GR: Absolutely. It needs to be representational. Look, I write suspense thrillers but that doesn’t mean that I don’t think of them as anti-art or even sub-art. Hidden deep within my material, to me at least, is an artistic agenda. One of the things I think we are obligated to do as artists is to reflect the world around us. The world around us is not white and straight. It’s much bigger and broader than that. I think that if you want any sense of verisimilitude in your work and for certainly emotional resonance you need that verisimilitude then you’ve got to be representational.

AD: We would be remiss if we didn’t mention your collaborator on the book, the great artist J.H. Williams III.

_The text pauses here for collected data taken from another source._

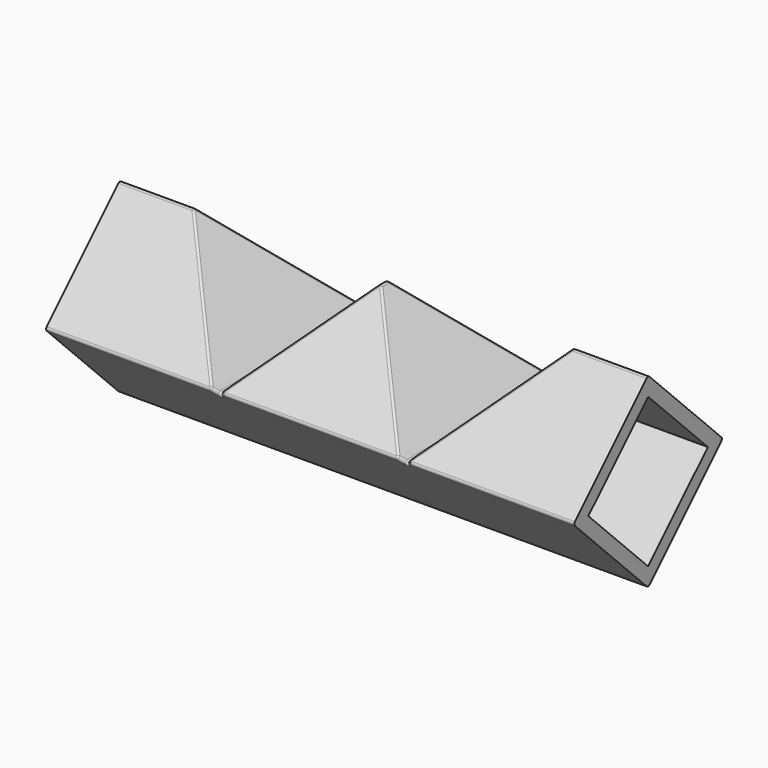
from build123d import *

# Parameters (mm, degrees)
F1_DEPTH      = 20
F4_DEPTH      = 7.0720678119
F4_DEPTH_BACK = 7.0720678119
F8_R          = 0.2
F9_T          = -1


# Not quite as in the source:
# - the program builds the solid bodies; features that only make, move or delete a surface that nothing else refers to are left out


with BuildPart() as f1:
    # F0 (on Right) → F1 (new body)
    with BuildSketch(Plane.YZ):
        Polygon((7.0710678119, 0), (0, 7.0710678119), (-7.0710678119, 0), (0, -7.0710678119), align=None)
    extrude(amount=F1_DEPTH)

    # F3 (on 3pt) → F4 (cut, two sides)
    with BuildSketch(Plane(origin=(0, 0, 0), x_dir=(-1, 0, 0), z_dir=(0, 1, 0))) as f4_sk:
        Polygon((0.2828427125, 7.0710678119), (-7.0710678119, 14.4249783362), (-14.4249783362, 7.0710678119), (-7.0710678119, -0.2828427125), align=None)
    extrude(amount=-F4_DEPTH, mode=Mode.SUBTRACT)
    extrude(f4_sk.sketch, amount=F4_DEPTH_BACK, mode=Mode.SUBTRACT)

    # F7: F1 across face


with BuildPart() as f1_1:
    add(f1.part)
    add(f1.part.mirror(Plane(origin=(0, 0, -0.0055104131), x_dir=(0, 1, 0), z_dir=(-1, 0, 0))))

    # F8
    f8_edges = [f1_1.edges().sort_by_distance(p)[0] for p in [
        (7.071068, 0, -0.282843),
        (3.394113, -3.676955, 3.394113),
        (3.394113, 3.676955, 3.394113),
        (0, 0, 6.788225),
        (6.929646, -6.929646, -0.141421),
        (6.929646, 6.929646, -0.141421),
        (7.212489, 6.929646, -0.141421),
        (7.212489, -6.929646, -0.141421),
        (10.889444, -3.535534, 3.535534),
        (10.889444, 3.535534, 3.535534),
        (17.212489, 0, 7.071068),
        (13.676955, 7.071068, 0),
        (13.676955, -7.071068, 0),
        (0, -7.071068, 0),
        (-13.676955, -7.071068, 0),
        (-7.212489, -6.929646, -0.141421),
        (-6.929646, -6.929646, -0.141421),
        (-10.889444, -3.535534, 3.535534),
        (-3.394113, -3.676955, 3.394113),
        (-3.394113, 3.676955, 3.394113),
        (-7.071068, 0, -0.282843),
        (-7.212489, 6.929646, -0.141421),
        (-6.929646, 6.929646, -0.141421),
        (-10.889444, 3.535534, 3.535534),
        (-17.212489, 0, 7.071068),
        (-13.676955, 7.071068, 0),
        (0, 7.071068, 0),
        (0, 0, -7.071068),
    ]]
    fillet(f8_edges, radius=F8_R)

    # F9
    f9_openings = [f1_1.faces().sort_by_distance(p)[0] for p in [
        (20, 0, 0),
        (-20, 0, 0),
    ]]
    offset(amount=F9_T, openings=f9_openings)


solid = f1_1.part
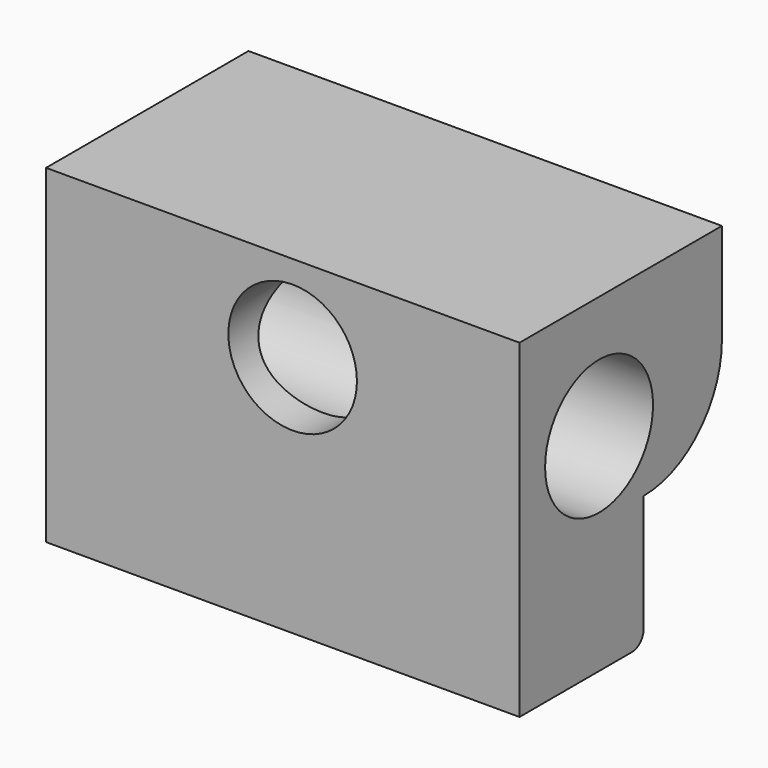
from build123d import *

# Parameters (mm, degrees)
F0_W        = 1544.7841286659
F0_H        = 645.8633244038
F0_R        = 209.7838577095
F1_DEPTH    = 825.5
F2_T1_DEPTH = 3139.1307652571
F3_DEPTH    = 429.26
F4_R        = 220.0590869867
F5_DEPTH    = 1765.3
F6_R        = 48.26
F4_R_2      = 121.9408524026
F7_DEPTH    = 599.44


# Not quite as in the source:
# - a fillet or chamfer that OpenCascade refuses, or shapes differently, is made with other operations: its cross-section is extruded or revolved along the edge and cut away or added


with BuildPart() as f1:
    # F0 (on Front) → F1 (new body)
    with BuildSketch(Plane.XZ):
        with Locations((-71.7625916004, 26.4388471842)):
            Rectangle(F0_W, F0_H)
        with Locations((-39.6583005786, 66.097125411)):
            Circle(F0_R, mode=Mode.SUBTRACT)
    extrude(amount=F1_DEPTH)

    # F2: fillet of radius 318.8693273182 on 1 edges, made by hand

    # F2_s2 → F2_t1 (cut)
    with BuildSketch(Plane.YZ.offset(-1641.327974229)):
        with BuildLine():
            ThreePointArc((-318.8693273182, -296.4928150177), (-93.3946636591, -203.0981513586), (0, 22.3765123005))
            Line((0, 22.3765123005), (0, -296.4928150177))
            Line((0, -296.4928150177), (-318.8693273182, -296.4928150177))
        make_face()
    extrude(amount=F2_T1_DEPTH, mode=Mode.SUBTRACT)

    # F3 (add): a face of the model
    f3_faces = [f1.faces().sort_by_distance(p)[0] for p in [
        (-71.7625916004, -572.1846636591, -296.4928150177),
    ]]
    extrude(f3_faces, amount=F3_DEPTH)

    # F4 (on face) → F5 (cut)
    with BuildSketch(Plane(origin=(-844.1546559334, 0, 0), x_dir=(0, -1, 0), z_dir=(-1, 0, 0))):
        with Locations((501.0944604874, -50.760243088)):
            Circle(F4_R)
    extrude(amount=-F5_DEPTH, mode=Mode.SUBTRACT)

    # F6
    f6_edges = [f1.edges().sort_by_distance(p)[0] for p in [
        (-71.762592, -318.869327, -725.752815),
    ]]
    fillet(f6_edges, radius=F6_R)

    # F4 (on face) → F7 (cut)
    with BuildSketch(Plane(origin=(-844.1546559334, 0, 0), x_dir=(0, -1, 0), z_dir=(-1, 0, 0))):
        with Locations((561.931848526, -504.8967003822)):
            Circle(F4_R_2)
    extrude(amount=-F7_DEPTH, mode=Mode.SUBTRACT)


solid = f1.part

GR: Who I really feel is breaking new ground in what can be done on a comic book page and how a story can be told. I think he is a phenomenal talent and an honest to god true artist.

AD: I know you’re working on a new novel for next year but I’m not sure if you want to say anything about it.

GR: The new novel is the new Chace novel which should be out around this time next year. It’s called The Last Run. It’s the story of Tara’s last job in the field. She’s been working in the special operations office for several years now and she actually has a line in it, at this point if there’s an intelligence agency in the world that doesn’t know how I am it’s because they’re not bloody trying. There’s some truth to that. This is her saying I’ve got a daughter, she’s turning five I need a desk job. Then a job comes in and the politics conspire because the prize is so big that you’ve got to send her. She goes and of course, things go horribly, horribly wrong. (laughs) As you might expect.